**Supplied material:**
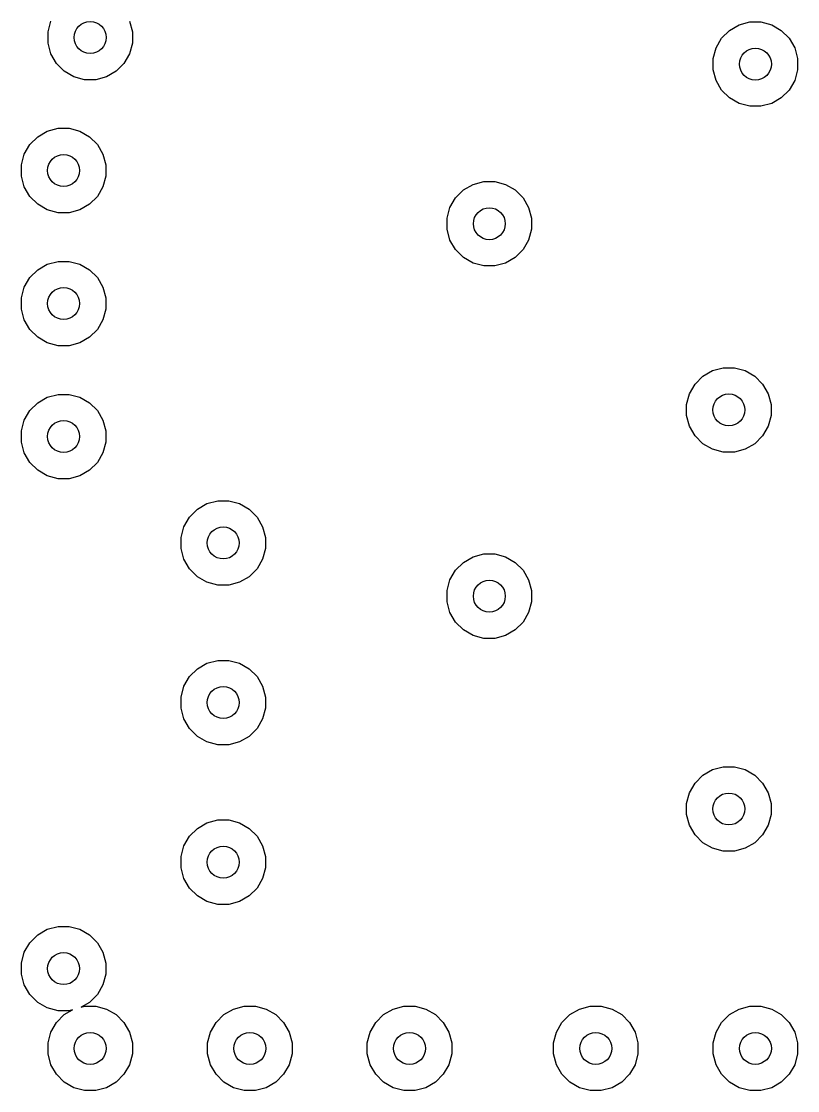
# Model space of a CAD drawing. Extents: x 0.98 to 8.09, y -3.46 to -0.83.
# Drawn here: x 7.2088 to 7.4959, y -1.4329 to -1.0373 of the extents above; entities that cross this region are included whole.
import ezdxf

# ---------------------------------------------------------------- set-up
doc = ezdxf.new("R2010")
doc.units = 0
doc.header["$MEASUREMENT"] = 0
doc.layers.add('BLACK', color=7, linetype='CONTINUOUS')

msp = doc.modelspace()

# ---------------------------------------------------------------- linework, layer by layer
at = {"layer": 'BLACK', "linetype": 'CONTINUOUS'}
for p, q in [((7.21864, -1.04125), (7.2197, -1.03728)), ((7.2488, -1.03728), (7.24987, -1.04125)), ((7.47073, -1.04066), (7.47429, -1.0386)), ((7.47429, -1.0386), (7.47826, -1.03754)), ((7.47826, -1.03754), (7.48237, -1.03754)), ((7.48237, -1.03754), (7.48634, -1.0386)), ((7.48634, -1.0386), (7.4899, -1.04066)), ((7.21864, -1.04536), (7.21864, -1.04125)), ((7.24987, -1.04125), (7.24987, -1.04536)), ((7.46577, -1.04712), (7.46782, -1.04356)), ((7.46782, -1.04356), (7.47073, -1.04066)), ((7.4899, -1.04066), (7.49281, -1.04356)), ((7.49281, -1.04356), (7.49486, -1.04712)), ((7.2197, -1.04933), (7.21864, -1.04536)), ((7.24987, -1.04536), (7.2488, -1.04933)), ((7.4647, -1.05109), (7.46577, -1.04712)), ((7.49486, -1.04712), (7.49593, -1.05109)), ((7.22176, -1.05289), (7.2197, -1.04933)), ((7.2488, -1.04933), (7.24675, -1.05289)), ((7.4647, -1.05521), (7.4647, -1.05109)), ((7.49593, -1.05109), (7.49593, -1.05521)), ((7.22467, -1.0558), (7.22176, -1.05289)), ((7.22823, -1.05786), (7.22467, -1.0558)), ((7.24384, -1.0558), (7.24028, -1.05786)), ((7.24675, -1.05289), (7.24384, -1.0558)), ((7.46577, -1.05918), (7.4647, -1.05521)), ((7.49593, -1.05521), (7.49486, -1.05918)), ((7.2322, -1.05892), (7.22823, -1.05786)), ((7.23631, -1.05892), (7.2322, -1.05892)), ((7.24028, -1.05786), (7.23631, -1.05892)), ((7.46782, -1.06274), (7.46577, -1.05918)), ((7.49486, -1.05918), (7.49281, -1.06274)), ((7.47073, -1.06564), (7.46782, -1.06274)), ((7.49281, -1.06274), (7.4899, -1.06564)), ((7.47429, -1.0677), (7.47073, -1.06564)), ((7.47826, -1.06876), (7.47429, -1.0677)), ((7.48634, -1.0677), (7.48237, -1.06876)), ((7.4899, -1.06564), (7.48634, -1.0677)), ((7.48237, -1.06876), (7.47826, -1.06876)), ((7.21482, -1.08003), (7.21838, -1.07797)), ((7.21838, -1.07797), (7.22235, -1.07691)), ((7.22235, -1.07691), (7.22646, -1.07691)), ((7.22646, -1.07691), (7.23044, -1.07797)), ((7.23044, -1.07797), (7.234, -1.08003)), ((7.20986, -1.08649), (7.21192, -1.08293)), ((7.21192, -1.08293), (7.21482, -1.08003)), ((7.234, -1.08003), (7.2369, -1.08293)), ((7.2369, -1.08293), (7.23896, -1.08649)), ((7.2088, -1.09046), (7.20986, -1.08649)), ((7.23896, -1.08649), (7.24002, -1.09046)), ((7.2088, -1.09458), (7.2088, -1.09046)), ((7.24002, -1.09046), (7.24002, -1.09458)), ((7.20986, -1.09855), (7.2088, -1.09458)), ((7.24002, -1.09458), (7.23896, -1.09855)), ((7.21192, -1.10211), (7.20986, -1.09855)), ((7.23896, -1.09855), (7.2369, -1.10211)), ((7.3694, -1.10262), (7.3723, -1.09971)), ((7.3723, -1.09971), (7.37586, -1.09766)), ((7.37586, -1.09766), (7.37983, -1.09659)), ((7.37983, -1.09659), (7.38395, -1.09659)), ((7.38395, -1.09659), (7.38792, -1.09766)), ((7.38792, -1.09766), (7.39148, -1.09971)), ((7.39148, -1.09971), (7.39438, -1.10262)), ((7.21482, -1.10501), (7.21192, -1.10211)), ((7.2369, -1.10211), (7.234, -1.10501)), ((7.36734, -1.10618), (7.3694, -1.10262)), ((7.39438, -1.10262), (7.39644, -1.10618)), ((7.21838, -1.10707), (7.21482, -1.10501)), ((7.22235, -1.10813), (7.21838, -1.10707)), ((7.23044, -1.10707), (7.22646, -1.10813)), ((7.234, -1.10501), (7.23044, -1.10707)), ((7.36628, -1.11015), (7.36734, -1.10618)), ((7.39644, -1.10618), (7.3975, -1.11015)), ((7.22646, -1.10813), (7.22235, -1.10813)), ((7.36628, -1.11426), (7.36628, -1.11015)), ((7.3975, -1.11015), (7.3975, -1.11426)), ((7.36734, -1.11823), (7.36628, -1.11426)), ((7.3975, -1.11426), (7.39644, -1.11823)), ((7.3694, -1.12179), (7.36734, -1.11823)), ((7.39644, -1.11823), (7.39438, -1.12179)), ((7.3723, -1.1247), (7.3694, -1.12179)), ((7.39438, -1.12179), (7.39148, -1.1247)), ((7.21482, -1.12924), (7.21838, -1.12718)), ((7.21838, -1.12718), (7.22235, -1.12612)), ((7.22235, -1.12612), (7.22646, -1.12612)), ((7.22646, -1.12612), (7.23044, -1.12718)), ((7.23044, -1.12718), (7.234, -1.12924)), ((7.37586, -1.12675), (7.3723, -1.1247)), ((7.37983, -1.12782), (7.37586, -1.12675)), ((7.38792, -1.12675), (7.38395, -1.12782)), ((7.39148, -1.1247), (7.38792, -1.12675)), ((7.21192, -1.13215), (7.21482, -1.12924)), ((7.234, -1.12924), (7.2369, -1.13215)), ((7.38395, -1.12782), (7.37983, -1.12782)), ((7.20986, -1.13571), (7.21192, -1.13215)), ((7.2369, -1.13215), (7.23896, -1.13571)), ((7.2088, -1.13968), (7.20986, -1.13571)), ((7.23896, -1.13571), (7.24002, -1.13968)), ((7.2088, -1.14379), (7.2088, -1.13968)), ((7.24002, -1.13968), (7.24002, -1.14379)), ((7.20986, -1.14776), (7.2088, -1.14379)), ((7.24002, -1.14379), (7.23896, -1.14776)), ((7.21192, -1.15132), (7.20986, -1.14776)), ((7.23896, -1.14776), (7.2369, -1.15132)), ((7.21482, -1.15423), (7.21192, -1.15132)), ((7.21838, -1.15628), (7.21482, -1.15423)), ((7.234, -1.15423), (7.23044, -1.15628)), ((7.2369, -1.15132), (7.234, -1.15423)), ((7.22235, -1.15735), (7.21838, -1.15628)), ((7.22646, -1.15735), (7.22235, -1.15735)), ((7.23044, -1.15628), (7.22646, -1.15735)), ((7.46089, -1.16861), (7.46445, -1.16655)), ((7.46445, -1.16655), (7.46842, -1.16549)), ((7.46842, -1.16549), (7.47253, -1.16549)), ((7.47253, -1.16549), (7.4765, -1.16655)), ((7.4765, -1.16655), (7.48006, -1.16861)), ((7.45798, -1.17152), (7.46089, -1.16861)), ((7.48006, -1.16861), (7.48297, -1.17152)), ((7.45592, -1.17508), (7.45798, -1.17152)), ((7.48297, -1.17152), (7.48502, -1.17508)), ((7.21192, -1.18136), (7.21482, -1.17845)), ((7.21482, -1.17845), (7.21838, -1.1764)), ((7.21838, -1.1764), (7.22235, -1.17533)), ((7.22235, -1.17533), (7.22646, -1.17533)), ((7.22646, -1.17533), (7.23044, -1.1764)), ((7.23044, -1.1764), (7.234, -1.17845)), ((7.234, -1.17845), (7.2369, -1.18136)), ((7.45486, -1.17905), (7.45592, -1.17508)), ((7.48502, -1.17508), (7.48609, -1.17905)), ((7.20986, -1.18492), (7.21192, -1.18136)), ((7.2369, -1.18136), (7.23896, -1.18492)), ((7.45486, -1.18316), (7.45486, -1.17905)), ((7.48609, -1.17905), (7.48609, -1.18316)), ((7.2088, -1.18889), (7.20986, -1.18492)), ((7.23896, -1.18492), (7.24002, -1.18889)), ((7.45592, -1.18713), (7.45486, -1.18316)), ((7.48609, -1.18316), (7.48502, -1.18713)), ((7.2088, -1.193), (7.2088, -1.18889)), ((7.24002, -1.18889), (7.24002, -1.193)), ((7.45798, -1.19069), (7.45592, -1.18713)), ((7.46089, -1.1936), (7.45798, -1.19069)), ((7.48297, -1.19069), (7.48006, -1.1936)), ((7.48502, -1.18713), (7.48297, -1.19069)), ((7.20986, -1.19697), (7.2088, -1.193)), ((7.24002, -1.193), (7.23896, -1.19697)), ((7.46445, -1.19565), (7.46089, -1.1936)), ((7.48006, -1.1936), (7.4765, -1.19565)), ((7.21192, -1.20053), (7.20986, -1.19697)), ((7.23896, -1.19697), (7.2369, -1.20053)), ((7.46842, -1.19672), (7.46445, -1.19565)), ((7.47253, -1.19672), (7.46842, -1.19672)), ((7.4765, -1.19565), (7.47253, -1.19672)), ((7.21482, -1.20344), (7.21192, -1.20053)), ((7.2369, -1.20053), (7.234, -1.20344)), ((7.21838, -1.20549), (7.21482, -1.20344)), ((7.22235, -1.20656), (7.21838, -1.20549)), ((7.22646, -1.20656), (7.22235, -1.20656)), ((7.23044, -1.20549), (7.22646, -1.20656)), ((7.234, -1.20344), (7.23044, -1.20549)), ((7.27097, -1.22073), (7.27388, -1.21782)), ((7.27388, -1.21782), (7.27744, -1.21577)), ((7.27744, -1.21577), (7.28141, -1.2147)), ((7.28141, -1.2147), (7.28552, -1.2147)), ((7.28552, -1.2147), (7.28949, -1.21577)), ((7.28949, -1.21577), (7.29305, -1.21782)), ((7.29305, -1.21782), (7.29596, -1.22073)), ((7.26892, -1.22429), (7.27097, -1.22073)), ((7.29596, -1.22073), (7.29801, -1.22429)), ((7.26785, -1.22826), (7.26892, -1.22429)), ((7.29801, -1.22429), (7.29908, -1.22826)), ((7.26785, -1.23237), (7.26785, -1.22826)), ((7.29908, -1.22826), (7.29908, -1.23237)), ((7.26892, -1.23634), (7.26785, -1.23237)), ((7.29908, -1.23237), (7.29801, -1.23634)), ((7.27097, -1.2399), (7.26892, -1.23634)), ((7.29801, -1.23634), (7.29596, -1.2399)), ((7.3694, -1.24041), (7.3723, -1.23751)), ((7.3723, -1.23751), (7.37586, -1.23545)), ((7.37586, -1.23545), (7.37983, -1.23439)), ((7.37983, -1.23439), (7.38395, -1.23439)), ((7.38395, -1.23439), (7.38792, -1.23545)), ((7.38792, -1.23545), (7.39148, -1.23751)), ((7.39148, -1.23751), (7.39438, -1.24041)), ((7.27388, -1.24281), (7.27097, -1.2399)), ((7.29596, -1.2399), (7.29305, -1.24281)), ((7.36734, -1.24397), (7.3694, -1.24041)), ((7.39438, -1.24041), (7.39644, -1.24397)), ((7.27744, -1.24486), (7.27388, -1.24281)), ((7.28141, -1.24593), (7.27744, -1.24486)), ((7.28552, -1.24593), (7.28141, -1.24593)), ((7.28949, -1.24486), (7.28552, -1.24593)), ((7.29305, -1.24281), (7.28949, -1.24486)), ((7.36628, -1.24794), (7.36734, -1.24397)), ((7.39644, -1.24397), (7.3975, -1.24794)), ((7.36628, -1.25206), (7.36628, -1.24794)), ((7.3975, -1.24794), (7.3975, -1.25206)), ((7.36734, -1.25603), (7.36628, -1.25206)), ((7.3975, -1.25206), (7.39644, -1.25603)), ((7.3694, -1.25959), (7.36734, -1.25603)), ((7.39644, -1.25603), (7.39438, -1.25959)), ((7.3723, -1.26249), (7.3694, -1.25959)), ((7.39438, -1.25959), (7.39148, -1.26249)), ((7.37586, -1.26455), (7.3723, -1.26249)), ((7.37983, -1.26561), (7.37586, -1.26455)), ((7.38395, -1.26561), (7.37983, -1.26561)), ((7.38792, -1.26455), (7.38395, -1.26561)), ((7.39148, -1.26249), (7.38792, -1.26455)), ((7.27744, -1.27482), (7.28141, -1.27376)), ((7.28141, -1.27376), (7.28552, -1.27376)), ((7.28552, -1.27376), (7.28949, -1.27482)), ((7.27097, -1.27978), (7.27388, -1.27688)), ((7.27388, -1.27688), (7.27744, -1.27482)), ((7.28949, -1.27482), (7.29305, -1.27688)), ((7.29305, -1.27688), (7.29596, -1.27978)), ((7.26892, -1.28334), (7.27097, -1.27978)), ((7.29596, -1.27978), (7.29801, -1.28334)), ((7.26785, -1.28731), (7.26892, -1.28334)), ((7.29801, -1.28334), (7.29908, -1.28731)), ((7.26785, -1.29143), (7.26785, -1.28731)), ((7.29908, -1.28731), (7.29908, -1.29143)), ((7.26892, -1.2954), (7.26785, -1.29143)), ((7.29908, -1.29143), (7.29801, -1.2954)), ((7.27097, -1.29896), (7.26892, -1.2954)), ((7.29801, -1.2954), (7.29596, -1.29896)), ((7.27388, -1.30186), (7.27097, -1.29896)), ((7.29596, -1.29896), (7.29305, -1.30186)), ((7.27744, -1.30392), (7.27388, -1.30186)), ((7.28141, -1.30498), (7.27744, -1.30392)), ((7.28552, -1.30498), (7.28141, -1.30498)), ((7.28949, -1.30392), (7.28552, -1.30498)), ((7.29305, -1.30186), (7.28949, -1.30392)), ((7.46445, -1.31419), (7.46842, -1.31313)), ((7.46842, -1.31313), (7.47253, -1.31313)), ((7.47253, -1.31313), (7.4765, -1.31419)), ((7.45798, -1.31915), (7.46089, -1.31625)), ((7.46089, -1.31625), (7.46445, -1.31419)), ((7.4765, -1.31419), (7.48006, -1.31625)), ((7.48006, -1.31625), (7.48297, -1.31915)), ((7.45592, -1.32271), (7.45798, -1.31915)), ((7.48297, -1.31915), (7.48502, -1.32271)), ((7.45486, -1.32668), (7.45592, -1.32271)), ((7.48502, -1.32271), (7.48609, -1.32668)), ((7.45486, -1.3308), (7.45486, -1.32668)), ((7.48609, -1.32668), (7.48609, -1.3308)), ((7.27744, -1.33388), (7.28141, -1.33281)), ((7.28141, -1.33281), (7.28552, -1.33281)), ((7.28552, -1.33281), (7.28949, -1.33388)), ((7.45592, -1.33477), (7.45486, -1.3308)), ((7.48609, -1.3308), (7.48502, -1.33477)), ((7.27097, -1.33884), (7.27388, -1.33593)), ((7.27388, -1.33593), (7.27744, -1.33388)), ((7.28949, -1.33388), (7.29305, -1.33593)), ((7.29305, -1.33593), (7.29596, -1.33884)), ((7.45798, -1.33833), (7.45592, -1.33477)), ((7.48502, -1.33477), (7.48297, -1.33833)), ((7.26892, -1.3424), (7.27097, -1.33884)), ((7.29596, -1.33884), (7.29801, -1.3424)), ((7.46089, -1.34123), (7.45798, -1.33833)), ((7.48297, -1.33833), (7.48006, -1.34123)), ((7.26785, -1.34637), (7.26892, -1.3424)), ((7.29801, -1.3424), (7.29908, -1.34637)), ((7.46445, -1.34329), (7.46089, -1.34123)), ((7.46842, -1.34435), (7.46445, -1.34329)), ((7.47253, -1.34435), (7.46842, -1.34435)), ((7.4765, -1.34329), (7.47253, -1.34435)), ((7.48006, -1.34123), (7.4765, -1.34329)), ((7.26785, -1.35048), (7.26785, -1.34637)), ((7.29908, -1.34637), (7.29908, -1.35048)), ((7.26892, -1.35445), (7.26785, -1.35048)), ((7.29908, -1.35048), (7.29801, -1.35445)), ((7.27097, -1.35801), (7.26892, -1.35445)), ((7.29801, -1.35445), (7.29596, -1.35801)), ((7.27388, -1.36092), (7.27097, -1.35801)), ((7.29596, -1.35801), (7.29305, -1.36092)), ((7.27744, -1.36297), (7.27388, -1.36092)), ((7.28141, -1.36404), (7.27744, -1.36297)), ((7.28552, -1.36404), (7.28141, -1.36404)), ((7.28949, -1.36297), (7.28552, -1.36404)), ((7.29305, -1.36092), (7.28949, -1.36297)), ((7.21838, -1.37325), (7.22235, -1.37218)), ((7.22235, -1.37218), (7.22646, -1.37218)), ((7.22646, -1.37218), (7.23044, -1.37325)), ((7.21192, -1.37821), (7.21482, -1.3753)), ((7.21482, -1.3753), (7.21838, -1.37325)), ((7.23044, -1.37325), (7.234, -1.3753)), ((7.234, -1.3753), (7.2369, -1.37821)), ((7.20986, -1.38177), (7.21192, -1.37821)), ((7.2369, -1.37821), (7.23896, -1.38177)), ((7.2088, -1.38574), (7.20986, -1.38177)), ((7.23896, -1.38177), (7.24002, -1.38574)), ((7.2088, -1.38985), (7.2088, -1.38574)), ((7.24002, -1.38574), (7.24002, -1.38985)), ((7.20986, -1.39382), (7.2088, -1.38985)), ((7.24002, -1.38985), (7.23896, -1.39382)), ((7.21192, -1.39738), (7.20986, -1.39382)), ((7.23896, -1.39382), (7.2369, -1.39738)), ((7.21482, -1.40029), (7.21192, -1.39738)), ((7.21838, -1.40234), (7.21482, -1.40029)), ((7.234, -1.40029), (7.23096, -1.40204)), ((7.2369, -1.39738), (7.234, -1.40029)), ((7.22235, -1.40341), (7.21838, -1.40234)), ((7.22646, -1.40341), (7.22235, -1.40341)), ((7.22467, -1.40483), (7.2277, -1.40308)), ((7.2277, -1.40308), (7.22646, -1.40341)), ((7.23096, -1.40204), (7.2322, -1.40171)), ((7.2322, -1.40171), (7.23631, -1.40171)), ((7.23631, -1.40171), (7.24028, -1.40277)), ((7.24028, -1.40277), (7.24384, -1.40483)), ((7.28372, -1.40483), (7.28728, -1.40277)), ((7.28728, -1.40277), (7.29125, -1.40171)), ((7.29125, -1.40171), (7.29536, -1.40171)), ((7.29536, -1.40171), (7.29933, -1.40277)), ((7.29933, -1.40277), (7.30289, -1.40483)), ((7.34278, -1.40483), (7.34634, -1.40277)), ((7.34634, -1.40277), (7.35031, -1.40171)), ((7.35031, -1.40171), (7.35442, -1.40171)), ((7.35442, -1.40171), (7.35839, -1.40277)), ((7.35839, -1.40277), (7.36195, -1.40483)), ((7.41167, -1.40483), (7.41523, -1.40277)), ((7.41523, -1.40277), (7.4192, -1.40171)), ((7.4192, -1.40171), (7.42332, -1.40171)), ((7.42332, -1.40171), (7.42729, -1.40277)), ((7.42729, -1.40277), (7.43085, -1.40483)), ((7.47073, -1.40483), (7.47429, -1.40277)), ((7.47429, -1.40277), (7.47826, -1.40171)), ((7.47826, -1.40171), (7.48237, -1.40171)), ((7.48237, -1.40171), (7.48634, -1.40277)), ((7.48634, -1.40277), (7.4899, -1.40483)), ((7.2197, -1.4113), (7.22176, -1.40774)), ((7.22176, -1.40774), (7.22467, -1.40483)), ((7.24384, -1.40483), (7.24675, -1.40774)), ((7.24675, -1.40774), (7.2488, -1.4113)), ((7.27876, -1.4113), (7.28081, -1.40774)), ((7.28081, -1.40774), (7.28372, -1.40483)), ((7.30289, -1.40483), (7.3058, -1.40774)), ((7.3058, -1.40774), (7.30786, -1.4113)), ((7.33781, -1.4113), (7.33987, -1.40774)), ((7.33987, -1.40774), (7.34278, -1.40483)), ((7.36195, -1.40483), (7.36486, -1.40774)), ((7.36486, -1.40774), (7.36691, -1.4113)), ((7.40671, -1.4113), (7.40877, -1.40774)), ((7.40877, -1.40774), (7.41167, -1.40483)), ((7.43085, -1.40483), (7.43375, -1.40774)), ((7.43375, -1.40774), (7.43581, -1.4113)), ((7.46577, -1.4113), (7.46782, -1.40774)), ((7.46782, -1.40774), (7.47073, -1.40483)), ((7.4899, -1.40483), (7.49281, -1.40774)), ((7.49281, -1.40774), (7.49486, -1.4113)), ((7.21864, -1.41527), (7.2197, -1.4113)), ((7.2488, -1.4113), (7.24987, -1.41527)), ((7.27769, -1.41527), (7.27876, -1.4113)), ((7.30786, -1.4113), (7.30892, -1.41527)), ((7.33675, -1.41527), (7.33781, -1.4113)), ((7.36691, -1.4113), (7.36798, -1.41527)), ((7.40565, -1.41527), (7.40671, -1.4113)), ((7.43581, -1.4113), (7.43687, -1.41527)), ((7.4647, -1.41527), (7.46577, -1.4113)), ((7.49486, -1.4113), (7.49593, -1.41527)), ((7.21864, -1.41938), (7.21864, -1.41527)), ((7.24987, -1.41527), (7.24987, -1.41938)), ((7.27769, -1.41938), (7.27769, -1.41527)), ((7.30892, -1.41527), (7.30892, -1.41938)), ((7.33675, -1.41938), (7.33675, -1.41527)), ((7.36798, -1.41527), (7.36798, -1.41938)), ((7.40565, -1.41938), (7.40565, -1.41527)), ((7.43687, -1.41527), (7.43687, -1.41938)), ((7.4647, -1.41938), (7.4647, -1.41527)), ((7.49593, -1.41527), (7.49593, -1.41938)), ((7.2197, -1.42335), (7.21864, -1.41938)), ((7.24987, -1.41938), (7.2488, -1.42335)), ((7.27876, -1.42335), (7.27769, -1.41938)), ((7.30892, -1.41938), (7.30786, -1.42335)), ((7.33781, -1.42335), (7.33675, -1.41938)), ((7.36798, -1.41938), (7.36691, -1.42335)), ((7.40671, -1.42335), (7.40565, -1.41938)), ((7.43687, -1.41938), (7.43581, -1.42335)), ((7.46577, -1.42335), (7.4647, -1.41938)), ((7.49593, -1.41938), (7.49486, -1.42335)), ((7.22176, -1.42691), (7.2197, -1.42335)), ((7.2488, -1.42335), (7.24675, -1.42691)), ((7.28081, -1.42691), (7.27876, -1.42335)), ((7.30786, -1.42335), (7.3058, -1.42691)), ((7.33987, -1.42691), (7.33781, -1.42335)), ((7.36691, -1.42335), (7.36486, -1.42691)), ((7.40877, -1.42691), (7.40671, -1.42335)), ((7.43581, -1.42335), (7.43375, -1.42691)), ((7.46782, -1.42691), (7.46577, -1.42335)), ((7.49486, -1.42335), (7.49281, -1.42691)), ((7.22467, -1.42982), (7.22176, -1.42691)), ((7.24675, -1.42691), (7.24384, -1.42982)), ((7.28372, -1.42982), (7.28081, -1.42691)), ((7.3058, -1.42691), (7.30289, -1.42982)), ((7.34278, -1.42982), (7.33987, -1.42691)), ((7.36486, -1.42691), (7.36195, -1.42982)), ((7.41167, -1.42982), (7.40877, -1.42691)), ((7.43375, -1.42691), (7.43085, -1.42982)), ((7.47073, -1.42982), (7.46782, -1.42691)), ((7.49281, -1.42691), (7.4899, -1.42982)), ((7.22823, -1.43187), (7.22467, -1.42982)), ((7.2322, -1.43294), (7.22823, -1.43187)), ((7.24028, -1.43187), (7.23631, -1.43294)), ((7.24384, -1.42982), (7.24028, -1.43187)), ((7.28728, -1.43187), (7.28372, -1.42982)), ((7.29125, -1.43294), (7.28728, -1.43187)), ((7.29933, -1.43187), (7.29536, -1.43294)), ((7.30289, -1.42982), (7.29933, -1.43187)), ((7.34634, -1.43187), (7.34278, -1.42982)), ((7.35031, -1.43294), (7.34634, -1.43187)), ((7.35839, -1.43187), (7.35442, -1.43294)), ((7.36195, -1.42982), (7.35839, -1.43187)), ((7.41523, -1.43187), (7.41167, -1.42982)), ((7.4192, -1.43294), (7.41523, -1.43187)), ((7.42729, -1.43187), (7.42332, -1.43294)), ((7.43085, -1.42982), (7.42729, -1.43187)), ((7.47429, -1.43187), (7.47073, -1.42982)), ((7.47826, -1.43294), (7.47429, -1.43187)), ((7.48634, -1.43187), (7.48237, -1.43294)), ((7.4899, -1.42982), (7.48634, -1.43187)), ((7.23631, -1.43294), (7.2322, -1.43294)), ((7.29536, -1.43294), (7.29125, -1.43294)), ((7.35442, -1.43294), (7.35031, -1.43294)), ((7.42332, -1.43294), (7.4192, -1.43294)), ((7.48237, -1.43294), (7.47826, -1.43294))]:
    msp.add_line(p, q, dxfattribs=at)
at = {"layer": 'BLACK'}
for centre in [(7.23425, -1.04331), (7.48031, -1.05315), (7.22441, -1.09252), (7.38189, -1.1122), (7.22441, -1.14173), (7.47047, -1.1811), (7.22441, -1.19094), (7.28346, -1.23031), (7.38189, -1.25), (7.28346, -1.28937), (7.47047, -1.32874), (7.28346, -1.34843), (7.22441, -1.3878), (7.23425, -1.41732), (7.29331, -1.41732), (7.35236, -1.41732), (7.42126, -1.41732), (7.48031, -1.41732)]:
    msp.add_circle(centre, 0.00591, dxfattribs=at)

doc.saveas('drawing.dxf')

**How to complete this task:**
Write out only those lines of the entries that lie between the line containing "for centre in" and the last line, inclusive, reproducing them exactly.

**Exercise output:**
for centre in [(7.23425, -1.04331), (7.48031, -1.05315), (7.22441, -1.09252), (7.38189, -1.1122), (7.22441, -1.14173), (7.47047, -1.1811), (7.22441, -1.19094), (7.28346, -1.23031), (7.38189, -1.25), (7.28346, -1.28937), (7.47047, -1.32874), (7.28346, -1.34843), (7.22441, -1.3878), (7.23425, -1.41732), (7.29331, -1.41732), (7.35236, -1.41732), (7.42126, -1.41732), (7.48031, -1.41732)]:
    msp.add_circle(centre, 0.00591, dxfattribs=at)

doc.saveas('drawing.dxf')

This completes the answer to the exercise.